UPDATE Jan 25th 2014: the mistake is now corrected. Please ignore the calculated values of the Expected Value in the image uploaded - they are wrong- I don't delete the image because it has generated an answer to this question .
UPDATE Jan 10th 2014: the mistake was found - a math typo in one of the sources used. Preparing correction...
The density of the minimum order statistic from a collection of $n$ i.i.d continuous random variables with cdf $F_X(x)$ and pdf $f_X(x)$ is $$f_{X_{(1)}}(x_{(1)}) = nf_X(x_{(1)})\left[1-F_X(x_{(1)})\right]^{n-1} \qquad [1]$$
If these random variables are standard normal, then
$$f_{X_{(1)}}(x_{(1)}) = n\phi(x_{(1)})\left[1-\Phi(x_{(1)})\right]^{n-1} = n\phi(x_{(1)})\left[\Phi(-x_{(1)})\right]^{n-1}\qquad [2]$$ and so its expected value is $$E\left(X_{(1)}\right) = n\int_{-\infty}^{\infty}x_{(1)}\phi(x_{(1)})\left[\Phi(-x_{(1)})\right]^{n-1}dx_{(1)}\qquad [3]$$
where we have used the symmetric properties of the standard normal. In Owen 1980, p.402, eq.[n,011] we find that $$\int_{-\infty}^{\infty}z\phi(z)\left[\Phi(az)\right]^m dz= \frac {am}{(\sqrt {a^2+1})(\sqrt {2\pi})}\int_{-\infty}^{\infty}\phi(z)\left[\Phi\left(\frac {az}{\sqrt {a^2+1}}\right)\right]^{m-1}dz\qquad [4]$$
Matching parameters between eqs $[3]$ and $[4]$ ($a=-1$, $m=n-1$) we obtain
$$E\left(X_{(1)}\right) = -\frac {n(n-1)}{2\sqrt{\pi}}\int_{-\infty}^{\infty}\phi(x_{(1)})\left[\Phi\left(\frac {-x_{(1)}}{\sqrt 2}\right)\right]^{n-2}dx_{(1)}\qquad [5]$$
Again in Owen 1980, p. 409, eq [n0,010.2] we find that
$$\int_{-\infty}^{\infty}\left[\prod_{i=1}^{m}\Phi\left(\frac{h_i-d_iz}{\sqrt {1-d_i^2}}\right)\right] \phi(z)dz= \mathcal Z_m(h_1,...,h_m;\{\rho_{ij}\})\qquad [6]$$
where $\mathcal Z_m()$ is the standard multivariate normal, $\rho_{ij}=d_id_j,\; i\neq j$ is the pair-wise correlation coefficients and $-1\le d_i\le 1$.
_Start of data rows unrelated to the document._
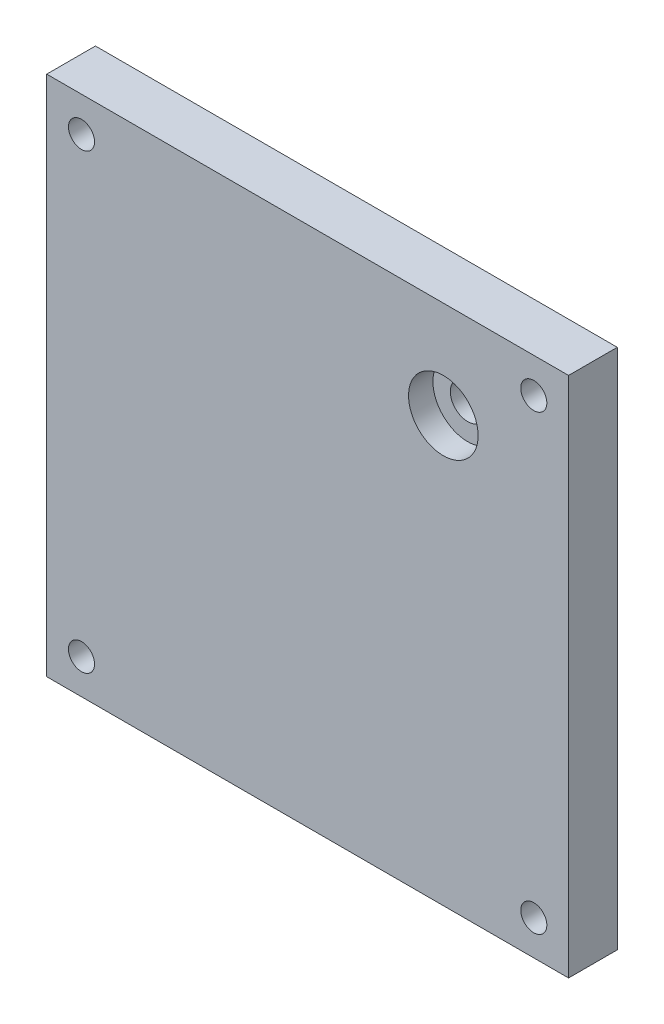
ISO-10303-21;
HEADER;
FILE_DESCRIPTION(('STEP AP214'),'2;1');
FILE_NAME('part.step','',(''),(''),'','','');
FILE_SCHEMA(('AUTOMOTIVE_DESIGN { 1 0 10303 214 1 1 1 1 }'));
ENDSEC;
DATA;
#1=APPLICATION_CONTEXT('core data for automotive mechanical design processes');
#2=APPLICATION_PROTOCOL_DEFINITION('international standard','automotive_design',2000,#1);
#3=PRODUCT_CONTEXT('',#1,'mechanical');
#4=PRODUCT('Part','Part','',(#3));
#5=PRODUCT_RELATED_PRODUCT_CATEGORY('part','',(#4));
#6=PRODUCT_DEFINITION_FORMATION('','',#4);
#7=PRODUCT_DEFINITION_CONTEXT('part definition',#1,'design');
#8=PRODUCT_DEFINITION('design','',#6,#7);
#9=PRODUCT_DEFINITION_SHAPE('','',#8);
#10=(LENGTH_UNIT() NAMED_UNIT(*) SI_UNIT(.MILLI.,.METRE.));
#11=(NAMED_UNIT(*) PLANE_ANGLE_UNIT() SI_UNIT($,.RADIAN.));
#12=(NAMED_UNIT(*) SI_UNIT($,.STERADIAN.) SOLID_ANGLE_UNIT());
#13=UNCERTAINTY_MEASURE_WITH_UNIT(LENGTH_MEASURE(1.E-05),#10,'distance_accuracy_value','');
#14=(GEOMETRIC_REPRESENTATION_CONTEXT(3) GLOBAL_UNCERTAINTY_ASSIGNED_CONTEXT((#13)) GLOBAL_UNIT_ASSIGNED_CONTEXT((#10,
#11,#12)) REPRESENTATION_CONTEXT('',''));
#15=CARTESIAN_POINT('',(0.,0.,0.));
#16=DIRECTION('',(0.,0.,1.));
#17=DIRECTION('',(1.,0.,0.));
#18=AXIS2_PLACEMENT_3D('',#15,#16,#17);
#19=CARTESIAN_POINT('',(47.625,-47.625,8.89));
#20=DIRECTION('',(-1.,0.,0.));
#21=DIRECTION('',(0.,0.,1.));
#22=AXIS2_PLACEMENT_3D('',#19,#20,#21);
#23=PLANE('',#22);
#24=DIRECTION('',(0.,1.,0.));
#25=VECTOR('',#24,1.);
#26=CARTESIAN_POINT('',(47.625,-47.625,0.));
#27=LINE('',#26,#25);
#28=CARTESIAN_POINT('',(47.625,-47.625,0.));
#29=VERTEX_POINT('',#28);
#30=CARTESIAN_POINT('',(47.625,47.625,0.));
#31=VERTEX_POINT('',#30);
#32=EDGE_CURVE('E108',#29,#31,#27,.T.);
#33=ORIENTED_EDGE('',*,*,#32,.T.);
#34=DIRECTION('',(0.,0.,-1.));
#35=VECTOR('',#34,1.);
#36=CARTESIAN_POINT('',(47.625,47.625,8.89));
#37=LINE('',#36,#35);
#38=CARTESIAN_POINT('',(47.625,47.625,8.89));
#39=VERTEX_POINT('',#38);
#40=EDGE_CURVE('E12',#39,#31,#37,.T.);
#41=ORIENTED_EDGE('',*,*,#40,.F.);
#42=DIRECTION('',(0.,1.,0.));
#43=VECTOR('',#42,1.);
#44=CARTESIAN_POINT('',(47.625,-47.625,8.89));
#45=LINE('',#44,#43);
#46=CARTESIAN_POINT('',(47.625,-47.625,8.89));
#47=VERTEX_POINT('',#46);
#48=EDGE_CURVE('E92',#47,#39,#45,.T.);
#49=ORIENTED_EDGE('',*,*,#48,.F.);
#50=DIRECTION('',(0.,0.,-1.));
#51=VECTOR('',#50,1.);
#52=CARTESIAN_POINT('',(47.625,-47.625,8.89));
#53=LINE('',#52,#51);
#54=EDGE_CURVE('E104',#47,#29,#53,.T.);
#55=ORIENTED_EDGE('',*,*,#54,.T.);
#56=EDGE_LOOP('',(#33,#41,#49,#55));
#57=FACE_BOUND('',#56,.T.);
#58=ADVANCED_FACE('F40',(#57),#23,.F.);
#59=CARTESIAN_POINT('',(-47.625,47.625,8.89));
#60=DIRECTION('',(0.,-1.,0.));
#61=DIRECTION('',(0.,0.,-1.));
#62=AXIS2_PLACEMENT_3D('',#59,#60,#61);
#63=PLANE('',#62);
#64=DIRECTION('',(-1.,0.,0.));
#65=VECTOR('',#64,1.);
#66=CARTESIAN_POINT('',(-47.625,47.625,0.));
#67=LINE('',#66,#65);
#68=CARTESIAN_POINT('',(-47.625,47.625,0.));
#69=VERTEX_POINT('',#68);
#70=EDGE_CURVE('E97',#31,#69,#67,.T.);
#71=ORIENTED_EDGE('',*,*,#70,.T.);
#72=DIRECTION('',(0.,0.,-1.));
#73=VECTOR('',#72,1.);
#74=CARTESIAN_POINT('',(-47.625,47.625,8.89));
#75=LINE('',#74,#73);
#76=CARTESIAN_POINT('',(-47.625,47.625,8.89));
#77=VERTEX_POINT('',#76);
#78=EDGE_CURVE('E49',#77,#69,#75,.T.);
#79=ORIENTED_EDGE('',*,*,#78,.F.);
#80=DIRECTION('',(-1.,0.,0.));
#81=VECTOR('',#80,1.);
#82=CARTESIAN_POINT('',(-47.625,47.625,8.89));
#83=LINE('',#82,#81);
#84=EDGE_CURVE('E87',#39,#77,#83,.T.);
#85=ORIENTED_EDGE('',*,*,#84,.F.);
#86=ORIENTED_EDGE('',*,*,#40,.T.);
#87=EDGE_LOOP('',(#71,#79,#85,#86));
#88=FACE_BOUND('',#87,.T.);
#89=ADVANCED_FACE('F96',(#88),#63,.F.);
#90=CARTESIAN_POINT('',(-47.625,-47.625,8.89));
#91=DIRECTION('',(1.,0.,0.));
#92=DIRECTION('',(0.,0.,-1.));
#93=AXIS2_PLACEMENT_3D('',#90,#91,#92);
#94=PLANE('',#93);
#95=DIRECTION('',(0.,-1.,0.));
#96=VECTOR('',#95,1.);
#97=CARTESIAN_POINT('',(-47.625,-47.625,0.));
#98=LINE('',#97,#96);
#99=CARTESIAN_POINT('',(-47.625,-47.625,0.));
#100=VERTEX_POINT('',#99);
#101=EDGE_CURVE('E74',#69,#100,#98,.T.);
#102=ORIENTED_EDGE('',*,*,#101,.T.);
#103=DIRECTION('',(0.,0.,-1.));
#104=VECTOR('',#103,1.);
#105=CARTESIAN_POINT('',(-47.625,-47.625,8.89));
#106=LINE('',#105,#104);
#107=CARTESIAN_POINT('',(-47.625,-47.625,8.89));
#108=VERTEX_POINT('',#107);
#109=EDGE_CURVE('E99',#108,#100,#106,.T.);
#110=ORIENTED_EDGE('',*,*,#109,.F.);
#111=DIRECTION('',(0.,-1.,0.));
#112=VECTOR('',#111,1.);
#113=CARTESIAN_POINT('',(-47.625,-47.625,8.89));
#114=LINE('',#113,#112);
#115=EDGE_CURVE('E90',#77,#108,#114,.T.);
#116=ORIENTED_EDGE('',*,*,#115,.F.);
#117=ORIENTED_EDGE('',*,*,#78,.T.);
#118=EDGE_LOOP('',(#102,#110,#116,#117));
#119=FACE_BOUND('',#118,.T.);
#120=ADVANCED_FACE('F100',(#119),#94,.F.);
#121=CARTESIAN_POINT('',(-47.625,-47.625,8.89));
#122=DIRECTION('',(0.,1.,0.));
#123=DIRECTION('',(0.,0.,1.));
#124=AXIS2_PLACEMENT_3D('',#121,#122,#123);
#125=PLANE('',#124);
#126=DIRECTION('',(1.,0.,0.));
#127=VECTOR('',#126,1.);
#128=CARTESIAN_POINT('',(-47.625,-47.625,0.));
#129=LINE('',#128,#127);
#130=EDGE_CURVE('E80',#100,#29,#129,.T.);
#131=ORIENTED_EDGE('',*,*,#130,.T.);
#132=ORIENTED_EDGE('',*,*,#54,.F.);
#133=DIRECTION('',(1.,0.,0.));
#134=VECTOR('',#133,1.);
#135=CARTESIAN_POINT('',(-47.625,-47.625,8.89));
#136=LINE('',#135,#134);
#137=EDGE_CURVE('E57',#108,#47,#136,.T.);
#138=ORIENTED_EDGE('',*,*,#137,.F.);
#139=ORIENTED_EDGE('',*,*,#109,.T.);
#140=EDGE_LOOP('',(#131,#132,#138,#139));
#141=FACE_BOUND('',#140,.T.);
#142=ADVANCED_FACE('F122',(#141),#125,.F.);
#143=CARTESIAN_POINT('',(0.,0.,8.89));
#144=DIRECTION('',(0.,0.,-1.));
#145=DIRECTION('',(-1.,0.,0.));
#146=AXIS2_PLACEMENT_3D('',#143,#144,#145);
#147=PLANE('',#146);
#148=CARTESIAN_POINT('',(24.765,29.845,8.89));
#149=DIRECTION('',(0.,0.,1.));
#150=DIRECTION('',(1.,0.,0.));
#151=AXIS2_PLACEMENT_3D('',#148,#149,#150);
#152=CIRCLE('',#151,6.35);
#153=CARTESIAN_POINT('',(31.115,29.845,8.89));
#154=VERTEX_POINT('',#153);
#155=EDGE_CURVE('E161',#154,#154,#152,.T.);
#156=ORIENTED_EDGE('',*,*,#155,.F.);
#157=EDGE_LOOP('',(#156));
#158=FACE_BOUND('',#157,.T.);
#159=CARTESIAN_POINT('',(41.275,-41.275,8.89));
#160=DIRECTION('',(0.,0.,1.));
#161=DIRECTION('',(1.,0.,0.));
#162=AXIS2_PLACEMENT_3D('',#159,#160,#161);
#163=CIRCLE('',#162,2.38125);
#164=CARTESIAN_POINT('',(43.65625,-41.275,8.89));
#165=VERTEX_POINT('',#164);
#166=EDGE_CURVE('E146',#165,#165,#163,.T.);
#167=ORIENTED_EDGE('',*,*,#166,.F.);
#168=EDGE_LOOP('',(#167));
#169=FACE_BOUND('',#168,.T.);
#170=CARTESIAN_POINT('',(-41.275,-41.275,8.89));
#171=DIRECTION('',(0.,0.,1.));
#172=DIRECTION('',(1.,0.,0.));
#173=AXIS2_PLACEMENT_3D('',#170,#171,#172);
#174=CIRCLE('',#173,2.38125);
#175=CARTESIAN_POINT('',(-38.89375,-41.275,8.89));
#176=VERTEX_POINT('',#175);
#177=EDGE_CURVE('E137',#176,#176,#174,.T.);
#178=ORIENTED_EDGE('',*,*,#177,.F.);
#179=EDGE_LOOP('',(#178));
#180=FACE_BOUND('',#179,.T.);
#181=CARTESIAN_POINT('',(-41.275,41.275,8.89));
#182=DIRECTION('',(0.,0.,1.));
#183=DIRECTION('',(1.,0.,0.));
#184=AXIS2_PLACEMENT_3D('',#181,#182,#183);
#185=CIRCLE('',#184,2.38125);
#186=CARTESIAN_POINT('',(-38.89375,41.275,8.89));
#187=VERTEX_POINT('',#186);
#188=EDGE_CURVE('E153',#187,#187,#185,.T.);
#189=ORIENTED_EDGE('',*,*,#188,.F.);
#190=EDGE_LOOP('',(#189));
#191=FACE_BOUND('',#190,.T.);
#192=CARTESIAN_POINT('',(41.275,41.275,8.89));
#193=DIRECTION('',(0.,0.,1.));
#194=DIRECTION('',(1.,0.,0.));
#195=AXIS2_PLACEMENT_3D('',#192,#193,#194);
#196=CIRCLE('',#195,2.38125);
#197=CARTESIAN_POINT('',(43.65625,41.275,8.89));
#198=VERTEX_POINT('',#197);
#199=EDGE_CURVE('E129',#198,#198,#196,.T.);
#200=ORIENTED_EDGE('',*,*,#199,.F.);
#201=EDGE_LOOP('',(#200));
#202=FACE_BOUND('',#201,.T.);
#203=ORIENTED_EDGE('',*,*,#48,.T.);
#204=ORIENTED_EDGE('',*,*,#84,.T.);
#205=ORIENTED_EDGE('',*,*,#115,.T.);
#206=ORIENTED_EDGE('',*,*,#137,.T.);
#207=EDGE_LOOP('',(#203,#204,#205,#206));
#208=FACE_BOUND('',#207,.T.);
#209=ADVANCED_FACE('F88',(#158,#169,#180,#191,#202,#208),#147,.F.);
#210=CARTESIAN_POINT('',(0.,0.,0.));
#211=DIRECTION('',(0.,0.,-1.));
#212=DIRECTION('',(-1.,0.,0.));
#213=AXIS2_PLACEMENT_3D('',#210,#211,#212);
#214=PLANE('',#213);
#215=CARTESIAN_POINT('',(24.765,29.845,0.));
#216=DIRECTION('',(0.,0.,1.));
#217=DIRECTION('',(1.,0.,0.));
#218=AXIS2_PLACEMENT_3D('',#215,#216,#217);
#219=CIRCLE('',#218,3.175);
#220=CARTESIAN_POINT('',(27.94,29.845,0.));
#221=VERTEX_POINT('',#220);
#222=EDGE_CURVE('E165',#221,#221,#219,.T.);
#223=ORIENTED_EDGE('',*,*,#222,.T.);
#224=EDGE_LOOP('',(#223));
#225=FACE_BOUND('',#224,.T.);
#226=CARTESIAN_POINT('',(41.275,-41.275,0.));
#227=DIRECTION('',(0.,0.,1.));
#228=DIRECTION('',(1.,0.,0.));
#229=AXIS2_PLACEMENT_3D('',#226,#227,#228);
#230=CIRCLE('',#229,2.38125);
#231=CARTESIAN_POINT('',(43.65625,-41.275,0.));
#232=VERTEX_POINT('',#231);
#233=EDGE_CURVE('E133',#232,#232,#230,.T.);
#234=ORIENTED_EDGE('',*,*,#233,.T.);
#235=EDGE_LOOP('',(#234));
#236=FACE_BOUND('',#235,.T.);
#237=CARTESIAN_POINT('',(-41.275,-41.275,0.));
#238=DIRECTION('',(0.,0.,1.));
#239=DIRECTION('',(1.,0.,0.));
#240=AXIS2_PLACEMENT_3D('',#237,#238,#239);
#241=CIRCLE('',#240,2.38125);
#242=CARTESIAN_POINT('',(-38.89375,-41.275,0.));
#243=VERTEX_POINT('',#242);
#244=EDGE_CURVE('E141',#243,#243,#241,.T.);
#245=ORIENTED_EDGE('',*,*,#244,.T.);
#246=EDGE_LOOP('',(#245));
#247=FACE_BOUND('',#246,.T.);
#248=CARTESIAN_POINT('',(-41.275,41.275,0.));
#249=DIRECTION('',(0.,0.,1.));
#250=DIRECTION('',(1.,0.,0.));
#251=AXIS2_PLACEMENT_3D('',#248,#249,#250);
#252=CIRCLE('',#251,2.38125);
#253=CARTESIAN_POINT('',(-38.89375,41.275,0.));
#254=VERTEX_POINT('',#253);
#255=EDGE_CURVE('E142',#254,#254,#252,.T.);
#256=ORIENTED_EDGE('',*,*,#255,.T.);
#257=EDGE_LOOP('',(#256));
#258=FACE_BOUND('',#257,.T.);
#259=CARTESIAN_POINT('',(41.275,41.275,0.));
#260=DIRECTION('',(0.,0.,1.));
#261=DIRECTION('',(1.,0.,0.));
#262=AXIS2_PLACEMENT_3D('',#259,#260,#261);
#263=CIRCLE('',#262,2.38125);
#264=CARTESIAN_POINT('',(43.65625,41.275,0.));
#265=VERTEX_POINT('',#264);
#266=EDGE_CURVE('E112',#265,#265,#263,.T.);
#267=ORIENTED_EDGE('',*,*,#266,.T.);
#268=EDGE_LOOP('',(#267));
#269=FACE_BOUND('',#268,.T.);
#270=ORIENTED_EDGE('',*,*,#32,.F.);
#271=ORIENTED_EDGE('',*,*,#130,.F.);
#272=ORIENTED_EDGE('',*,*,#101,.F.);
#273=ORIENTED_EDGE('',*,*,#70,.F.);
#274=EDGE_LOOP('',(#270,#271,#272,#273));
#275=FACE_BOUND('',#274,.T.);
#276=ADVANCED_FACE('F125',(#225,#236,#247,#258,#269,#275),#214,.T.);
#277=CARTESIAN_POINT('',(41.275,41.275,0.));
#278=DIRECTION('',(0.,0.,1.));
#279=DIRECTION('',(1.,0.,0.));
#280=AXIS2_PLACEMENT_3D('',#277,#278,#279);
#281=CYLINDRICAL_SURFACE('',#280,2.38125);
#282=ORIENTED_EDGE('',*,*,#266,.F.);
#283=EDGE_LOOP('',(#282));
#284=FACE_BOUND('',#283,.T.);
#285=ORIENTED_EDGE('',*,*,#199,.T.);
#286=EDGE_LOOP('',(#285));
#287=FACE_BOUND('',#286,.T.);
#288=ADVANCED_FACE('F209',(#284,#287),#281,.F.);
#289=CARTESIAN_POINT('',(-41.275,41.275,0.));
#290=DIRECTION('',(0.,0.,1.));
#291=DIRECTION('',(1.,0.,0.));
#292=AXIS2_PLACEMENT_3D('',#289,#290,#291);
#293=CYLINDRICAL_SURFACE('',#292,2.38125);
#294=ORIENTED_EDGE('',*,*,#255,.F.);
#295=EDGE_LOOP('',(#294));
#296=FACE_BOUND('',#295,.T.);
#297=ORIENTED_EDGE('',*,*,#188,.T.);
#298=EDGE_LOOP('',(#297));
#299=FACE_BOUND('',#298,.T.);
#300=ADVANCED_FACE('F211',(#296,#299),#293,.F.);
#301=CARTESIAN_POINT('',(-41.275,-41.275,0.));
#302=DIRECTION('',(0.,0.,1.));
#303=DIRECTION('',(1.,0.,0.));
#304=AXIS2_PLACEMENT_3D('',#301,#302,#303);
#305=CYLINDRICAL_SURFACE('',#304,2.38125);
#306=ORIENTED_EDGE('',*,*,#244,.F.);
#307=EDGE_LOOP('',(#306));
#308=FACE_BOUND('',#307,.T.);
#309=ORIENTED_EDGE('',*,*,#177,.T.);
#310=EDGE_LOOP('',(#309));
#311=FACE_BOUND('',#310,.T.);
#312=ADVANCED_FACE('F218',(#308,#311),#305,.F.);
#313=CARTESIAN_POINT('',(41.275,-41.275,0.));
#314=DIRECTION('',(0.,0.,1.));
#315=DIRECTION('',(1.,0.,0.));
#316=AXIS2_PLACEMENT_3D('',#313,#314,#315);
#317=CYLINDRICAL_SURFACE('',#316,2.38125);
#318=ORIENTED_EDGE('',*,*,#233,.F.);
#319=EDGE_LOOP('',(#318));
#320=FACE_BOUND('',#319,.T.);
#321=ORIENTED_EDGE('',*,*,#166,.T.);
#322=EDGE_LOOP('',(#321));
#323=FACE_BOUND('',#322,.T.);
#324=ADVANCED_FACE('F194',(#320,#323),#317,.F.);
#325=CARTESIAN_POINT('',(24.765,29.845,4.445));
#326=DIRECTION('',(0.,0.,1.));
#327=DIRECTION('',(1.,0.,0.));
#328=AXIS2_PLACEMENT_3D('',#325,#326,#327);
#329=CYLINDRICAL_SURFACE('',#328,6.35);
#330=CARTESIAN_POINT('',(24.765,29.845,4.445));
#331=DIRECTION('',(0.,0.,1.));
#332=DIRECTION('',(1.,0.,0.));
#333=AXIS2_PLACEMENT_3D('',#330,#331,#332);
#334=CIRCLE('',#333,6.35);
#335=CARTESIAN_POINT('',(31.115,29.845,4.445));
#336=VERTEX_POINT('',#335);
#337=EDGE_CURVE('E157',#336,#336,#334,.T.);
#338=ORIENTED_EDGE('',*,*,#337,.F.);
#339=EDGE_LOOP('',(#338));
#340=FACE_BOUND('',#339,.T.);
#341=ORIENTED_EDGE('',*,*,#155,.T.);
#342=EDGE_LOOP('',(#341));
#343=FACE_BOUND('',#342,.T.);
#344=ADVANCED_FACE('F188',(#340,#343),#329,.F.);
#345=CARTESIAN_POINT('',(24.765,29.845,4.445));
#346=DIRECTION('',(0.,0.,1.));
#347=DIRECTION('',(1.,0.,0.));
#348=AXIS2_PLACEMENT_3D('',#345,#346,#347);
#349=PLANE('',#348);
#350=CARTESIAN_POINT('',(24.765,29.845,4.445));
#351=DIRECTION('',(0.,0.,1.));
#352=DIRECTION('',(1.,0.,0.));
#353=AXIS2_PLACEMENT_3D('',#350,#351,#352);
#354=CIRCLE('',#353,3.175);
#355=CARTESIAN_POINT('',(27.94,29.845,4.445));
#356=VERTEX_POINT('',#355);
#357=EDGE_CURVE('E169',#356,#356,#354,.T.);
#358=ORIENTED_EDGE('',*,*,#357,.F.);
#359=EDGE_LOOP('',(#358));
#360=FACE_BOUND('',#359,.T.);
#361=ORIENTED_EDGE('',*,*,#337,.T.);
#362=EDGE_LOOP('',(#361));
#363=FACE_BOUND('',#362,.T.);
#364=ADVANCED_FACE('F182',(#360,#363),#349,.T.);
#365=CARTESIAN_POINT('',(24.765,29.845,0.));
#366=DIRECTION('',(0.,0.,1.));
#367=DIRECTION('',(1.,0.,0.));
#368=AXIS2_PLACEMENT_3D('',#365,#366,#367);
#369=CYLINDRICAL_SURFACE('',#368,3.175);
#370=ORIENTED_EDGE('',*,*,#222,.F.);
#371=EDGE_LOOP('',(#370));
#372=FACE_BOUND('',#371,.T.);
#373=ORIENTED_EDGE('',*,*,#357,.T.);
#374=EDGE_LOOP('',(#373));
#375=FACE_BOUND('',#374,.T.);
#376=ADVANCED_FACE('F179',(#372,#375),#369,.F.);
#377=CLOSED_SHELL('',(#58,#89,#120,#142,#209,#276,#288,#300,#312,#324,#344,#364,#376));
#378=MANIFOLD_SOLID_BREP('B2',#377);
#379=ADVANCED_BREP_SHAPE_REPRESENTATION('',(#18,#378),#14);
#380=SHAPE_DEFINITION_REPRESENTATION(#9,#379);
ENDSEC;
END-ISO-10303-21;

Matching $[5]$ and $[6]$ we have, $m=n-2$, $h_i=0,\;\forall i$, and $$\frac{d_i}{\sqrt {1-d_i^2}} = \frac 1{\sqrt 2} \Rightarrow d_i = \pm \frac 1{\sqrt 3} \forall i \Rightarrow \rho_{ij} = \rho = 1/3$$
Using these results, eq $[5]$ becomes
$$E\left(X_{(1)}\right) = -\frac {n(n-1)}{2\sqrt{\pi}}\mathcal Z_{n-2}(0,...,0;\rho=1/3)\qquad [7]$$
This multivaririate standard normal probability integral of equi-correlated variables, all evaluated at zero, has seen enough investigation, and various ways to approximate and compute it have been derived. An extensive review (related to the computation of multivariate normal probability integrals in general) is Gupta (1963). Gupta provides explicit values for various correlation coefficients, and for up to 12 variables (so it covers a collection of 14 variables). The results are (THE LAST COLUMN IS WRONG):
Now if we graph how the value of $\mathcal Z_{n-2}(0,...,0;\rho=1/3)$ changes with $n$, we will obtain
So I arrive at my three questions/requests:
1) Could somebody check analytically and/or verify by simulation that the results for the expected value are correct (i.e. check the validity of eq $[7]$)?
2) Assuming that the approach is correct, could somebody give the solution for normals with non-zero mean and non-unitary variance? With all the transformations I feel really dizzy.
3) The value of the probability integral seems to evolve smoothly. How about approximating it with some function of $n$?